Since the 2nd company is its own company and not an extension of the existing, we shouldn’t need the multi-site module.
Epicor actually makes this fairly easy, don’t they?

@jhecker Epicor does make this part of the whole process pretty easy to understand.

One question to settle this - does that new ‘company’ have it’s own Tax ID/FEIN #? If so, then it’s a legit separate company.

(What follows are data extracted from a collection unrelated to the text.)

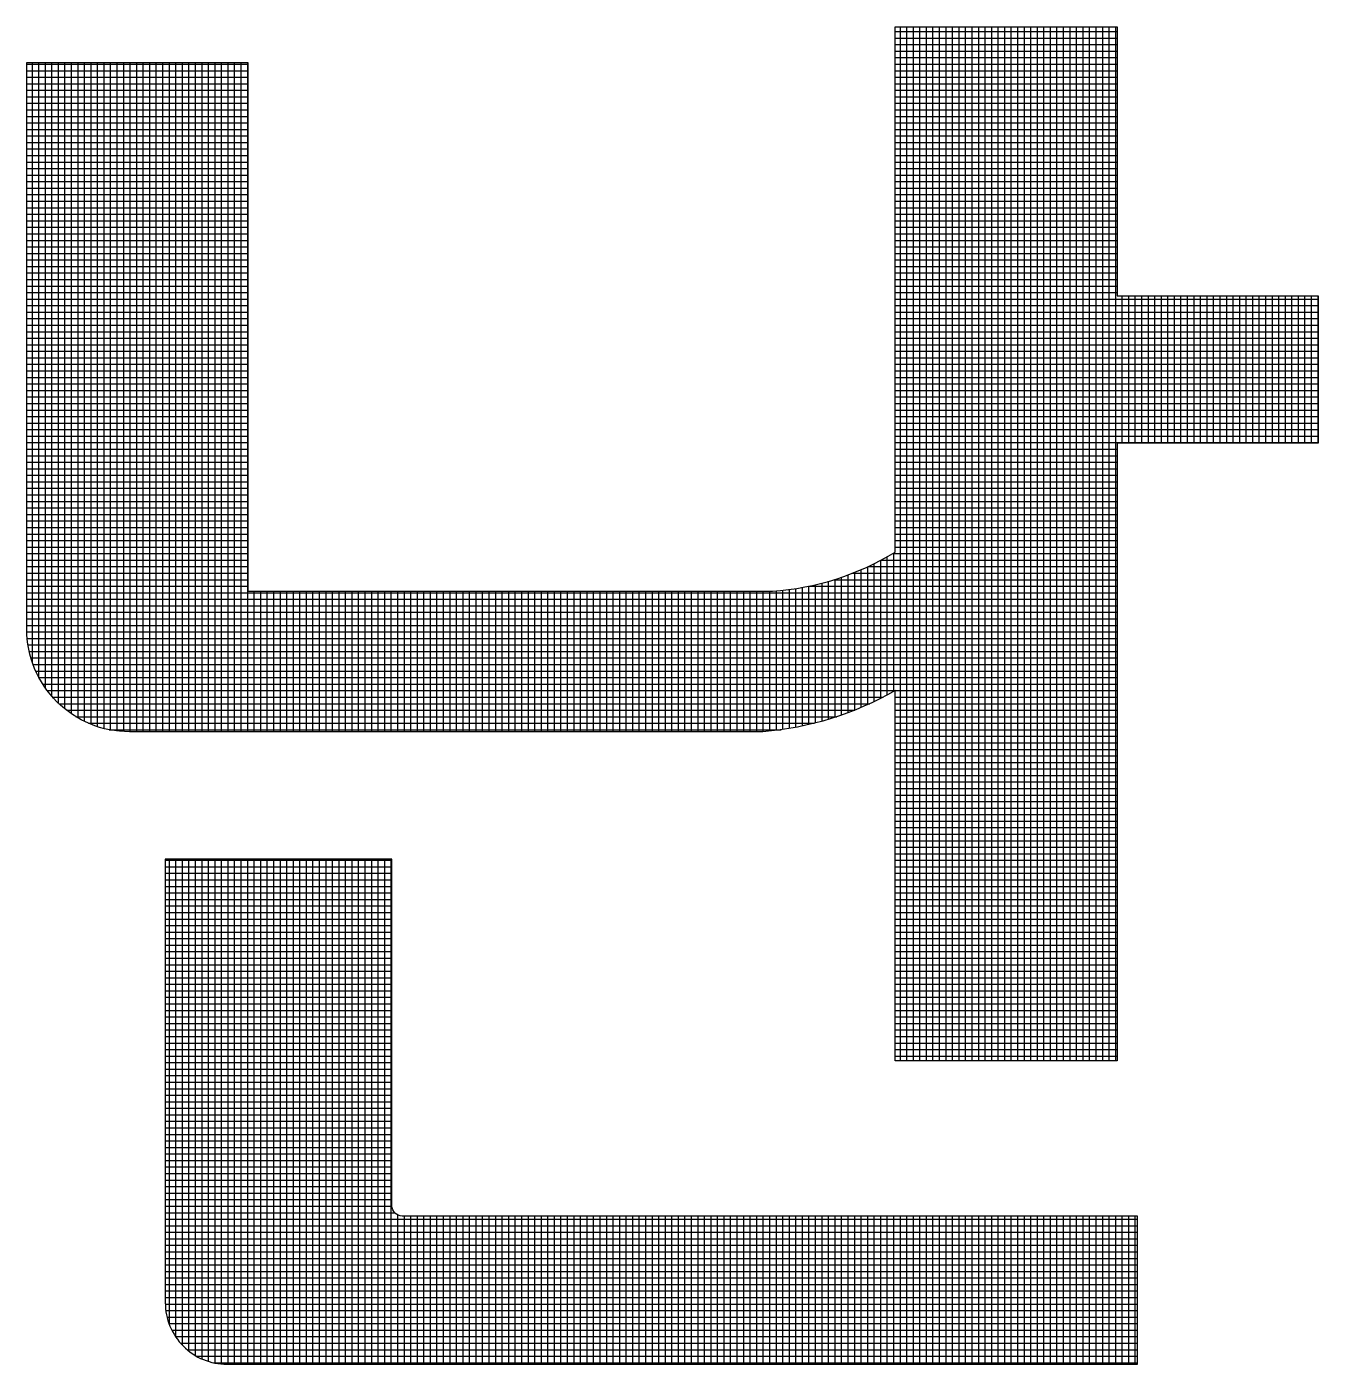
# Model space of a CAD drawing. Extents: x 0 to 841, y 0 to 594.
# Drawn here: x 733.311 to 736.682, y 100.816 to 104.307 of the extents above; entities that cross this region are included whole.
import ezdxf

# ---------------------------------------------------------------- set-up
doc = ezdxf.new("R2010")
doc.units = 0
doc.header["$LTSCALE"] = 7
doc.header["$MEASUREMENT"] = 0
doc.layers.add('한국지역난방기술주식회사 CI', color=7, linetype='Continuous')

# ---------------------------------------------------------------- blocks, each defined once
blk = doc.blocks.new('기술주CI')
at = {"layer": '한국지역난방기술주식회사 CI', "linetype": 'Continuous'}
for p, q in [((1143.8636, 145.2245), (1144.943, 145.2245)), ((1143.8636, 145.1928), (1144.943, 145.1928)), ((1143.889, 140.2169), (1143.889, 145.2477)), ((1143.9207, 140.2169), (1143.9207, 145.2477)), ((1143.9525, 140.2169), (1143.9525, 145.2477)), ((1143.9843, 140.2169), (1143.9843, 145.2477)), ((1144.016, 140.2169), (1144.016, 145.2477)), ((1144.0477, 140.2169), (1144.0477, 145.2477)), ((1144.0795, 140.2169), (1144.0795, 145.2477)), ((1144.1112, 140.2169), (1144.1112, 145.2477)), ((1144.143, 140.2169), (1144.143, 145.2477)), ((1144.1748, 140.2169), (1144.1748, 145.2477)), ((1144.2065, 140.2169), (1144.2065, 145.2477)), ((1144.2382, 140.2169), (1144.2382, 145.2477)), ((1144.27, 140.2169), (1144.27, 145.2477)), ((1144.3018, 140.2169), (1144.3018, 145.2477)), ((1144.3335, 140.2169), (1144.3335, 145.2477)), ((1144.3653, 140.2169), (1144.3653, 145.2477)), ((1144.397, 140.2169), (1144.397, 145.2477)), ((1144.4287, 140.2169), (1144.4287, 145.2477)), ((1144.4605, 140.2169), (1144.4605, 145.2477)), ((1144.4923, 140.2169), (1144.4923, 145.2477)), ((1144.524, 140.2169), (1144.524, 145.2477)), ((1144.5557, 140.2169), (1144.5557, 145.2477)), ((1144.5875, 140.2169), (1144.5875, 145.2477)), ((1144.6192, 140.2169), (1144.6192, 145.2477)), ((1144.651, 140.2169), (1144.651, 145.2477)), ((1144.6828, 140.2169), (1144.6828, 145.2477)), ((1144.7145, 140.2169), (1144.7145, 145.2477)), ((1144.7462, 140.2169), (1144.7462, 145.2477)), ((1144.778, 140.2169), (1144.778, 145.2477)), ((1144.8097, 140.2169), (1144.8097, 145.2477)), ((1144.8415, 140.2169), (1144.8415, 145.2477)), ((1144.8733, 140.2169), (1144.8733, 145.2477)), ((1144.905, 140.2169), (1144.905, 145.2477)), ((1144.9367, 140.2169), (1144.9367, 145.2477)), ((1143.8636, 145.161), (1144.943, 145.161)), ((1143.8636, 145.1292), (1144.943, 145.1292)), ((1139.6392, 145.0657), (1140.7152, 145.0657)), ((1139.6663, 142.155), (1139.6663, 145.0734)), ((1139.698, 142.0821), (1139.698, 145.0734)), ((1139.7297, 142.0303), (1139.7297, 145.0734)), ((1139.7615, 141.9897), (1139.7615, 145.0734)), ((1139.7932, 141.9563), (1139.7932, 145.0734)), ((1139.825, 141.9284), (1139.825, 145.0734)), ((1139.8568, 141.9048), (1139.8568, 145.0734)), ((1139.8885, 141.8847), (1139.8885, 145.0734)), ((1139.9202, 141.8678), (1139.9202, 145.0734)), ((1139.952, 141.8537), (1139.952, 145.0734)), ((1139.9838, 141.8421), (1139.9838, 145.0734)), ((1140.0155, 141.8329), (1140.0155, 145.0734)), ((1140.0473, 141.8259), (1140.0473, 145.0734)), ((1140.079, 141.821), (1140.079, 145.0734)), ((1140.1107, 141.8182), (1140.1107, 145.0734)), ((1140.1425, 141.8174), (1140.1425, 145.0734)), ((1140.1743, 141.8174), (1140.1743, 145.0734)), ((1140.206, 141.8174), (1140.206, 145.0734)), ((1140.2378, 141.8174), (1140.2378, 145.0734)), ((1140.2695, 141.8174), (1140.2695, 145.0734)), ((1140.3012, 141.8174), (1140.3012, 145.0734)), ((1140.333, 141.8174), (1140.333, 145.0734)), ((1140.3648, 141.8174), (1140.3648, 145.0734)), ((1140.3965, 141.8174), (1140.3965, 145.0734)), ((1140.4282, 141.8174), (1140.4282, 145.0734)), ((1140.46, 141.8174), (1140.46, 145.0734)), ((1140.4917, 141.8174), (1140.4917, 145.0734)), ((1140.5235, 141.8174), (1140.5235, 145.0734)), ((1140.5553, 141.8174), (1140.5553, 145.0734)), ((1140.587, 141.8174), (1140.587, 145.0734)), ((1140.6187, 141.8174), (1140.6187, 145.0734)), ((1140.6505, 141.8174), (1140.6505, 145.0734)), ((1140.6823, 141.8174), (1140.6823, 145.0734)), ((1140.714, 141.8174), (1140.714, 145.0734)), ((1143.8636, 145.0975), (1144.943, 145.0975)), ((1143.8636, 145.0657), (1144.943, 145.0657)), ((1139.6392, 145.034), (1140.7152, 145.034)), ((1139.6392, 145.0023), (1140.7152, 145.0023)), ((1143.8636, 145.034), (1144.943, 145.034)), ((1143.8636, 145.0023), (1144.943, 145.0023)), ((1139.6392, 144.9705), (1140.7152, 144.9705)), ((1139.6392, 144.9387), (1140.7152, 144.9387)), ((1143.8636, 144.9705), (1144.943, 144.9705)), ((1143.8636, 144.9387), (1144.943, 144.9387)), ((1139.6392, 144.907), (1140.7152, 144.907)), ((1139.6392, 144.8753), (1140.7152, 144.8753)), ((1143.8636, 144.907), (1144.943, 144.907)), ((1143.8636, 144.8753), (1144.943, 144.8753)), ((1139.6392, 144.8435), (1140.7152, 144.8435)), ((1139.6392, 144.8117), (1140.7152, 144.8117)), ((1143.8636, 144.8435), (1144.943, 144.8435)), ((1143.8636, 144.8117), (1144.943, 144.8117)), ((1139.6392, 144.78), (1140.7152, 144.78)), ((1139.6392, 144.7482), (1140.7152, 144.7482)), ((1143.8636, 144.78), (1144.943, 144.78)), ((1143.8636, 144.7482), (1144.943, 144.7482)), ((1139.6392, 144.7165), (1140.7152, 144.7165)), ((1139.6392, 144.6848), (1140.7152, 144.6848)), ((1143.8636, 144.7165), (1144.943, 144.7165)), ((1143.8636, 144.6848), (1144.943, 144.6848)), ((1139.6392, 144.653), (1140.7152, 144.653)), ((1139.6392, 144.6212), (1140.7152, 144.6212)), ((1143.8636, 144.653), (1144.943, 144.653)), ((1143.8636, 144.6212), (1144.943, 144.6212)), ((1139.6392, 144.5895), (1140.7152, 144.5895)), ((1139.6392, 144.5578), (1140.7152, 144.5578)), ((1143.8636, 144.5895), (1144.943, 144.5895)), ((1143.8636, 144.5578), (1144.943, 144.5578)), ((1139.6392, 144.526), (1140.7152, 144.526)), ((1139.6392, 144.4942), (1140.7152, 144.4942)), ((1143.8636, 144.526), (1144.943, 144.526)), ((1143.8636, 144.4942), (1144.943, 144.4942)), ((1139.6392, 144.4625), (1140.7152, 144.4625)), ((1139.6392, 144.4308), (1140.7152, 144.4308)), ((1143.8636, 144.4625), (1144.943, 144.4625)), ((1143.8636, 144.4308), (1144.943, 144.4308)), ((1139.6392, 144.399), (1140.7152, 144.399)), ((1139.6392, 144.3673), (1140.7152, 144.3673)), ((1143.8636, 144.399), (1144.943, 144.399)), ((1143.8636, 144.3673), (1144.943, 144.3673)), ((1139.6392, 144.3355), (1140.7152, 144.3355)), ((1139.6392, 144.3037), (1140.7152, 144.3037)), ((1143.8636, 144.3355), (1144.943, 144.3355)), ((1143.8636, 144.3037), (1144.943, 144.3037)), ((1139.6392, 144.272), (1140.7152, 144.272)), ((1139.6392, 144.2403), (1140.7152, 144.2403)), ((1139.6392, 144.2085), (1140.7152, 144.2085)), ((1143.8636, 144.272), (1144.943, 144.272)), ((1143.8636, 144.2403), (1144.943, 144.2403)), ((1143.8636, 144.2085), (1144.943, 144.2085)), ((1139.6392, 144.1767), (1140.7152, 144.1767)), ((1139.6392, 144.145), (1140.7152, 144.145)), ((1143.8636, 144.1767), (1144.943, 144.1767)), ((1143.8636, 144.145), (1144.943, 144.145)), ((1139.6392, 144.1133), (1140.7152, 144.1133)), ((1139.6392, 144.0815), (1140.7152, 144.0815)), ((1143.8636, 144.1133), (1144.943, 144.1133)), ((1143.8636, 144.0815), (1144.943, 144.0815)), ((1139.6392, 144.0498), (1140.7152, 144.0498)), ((1139.6392, 144.018), (1140.7152, 144.018)), ((1143.8636, 144.0498), (1144.943, 144.0498)), ((1143.8636, 144.018), (1144.943, 144.018)), ((1139.6392, 143.9862), (1140.7152, 143.9862)), ((1139.6392, 143.9545), (1140.7152, 143.9545)), ((1143.8636, 143.9862), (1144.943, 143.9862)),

If it doesn’t, then it could be a site, or still set up as another company for keeping things separate for any number of reasons your accounting team may have. There are also ‘virtual’ companies (my word, as it’s still a ‘company’ inside Epicor) that you could set up - possibly for financial consolidations where you need to do your elimination entries…

@MikeGross - Yes, it has its own Tax ID. It is 100% its own entity. That is actually what made me concerned…for most software a separate company requires a whole new license agreement…that made me cautious when I was researching this new company and adding it to Epicor.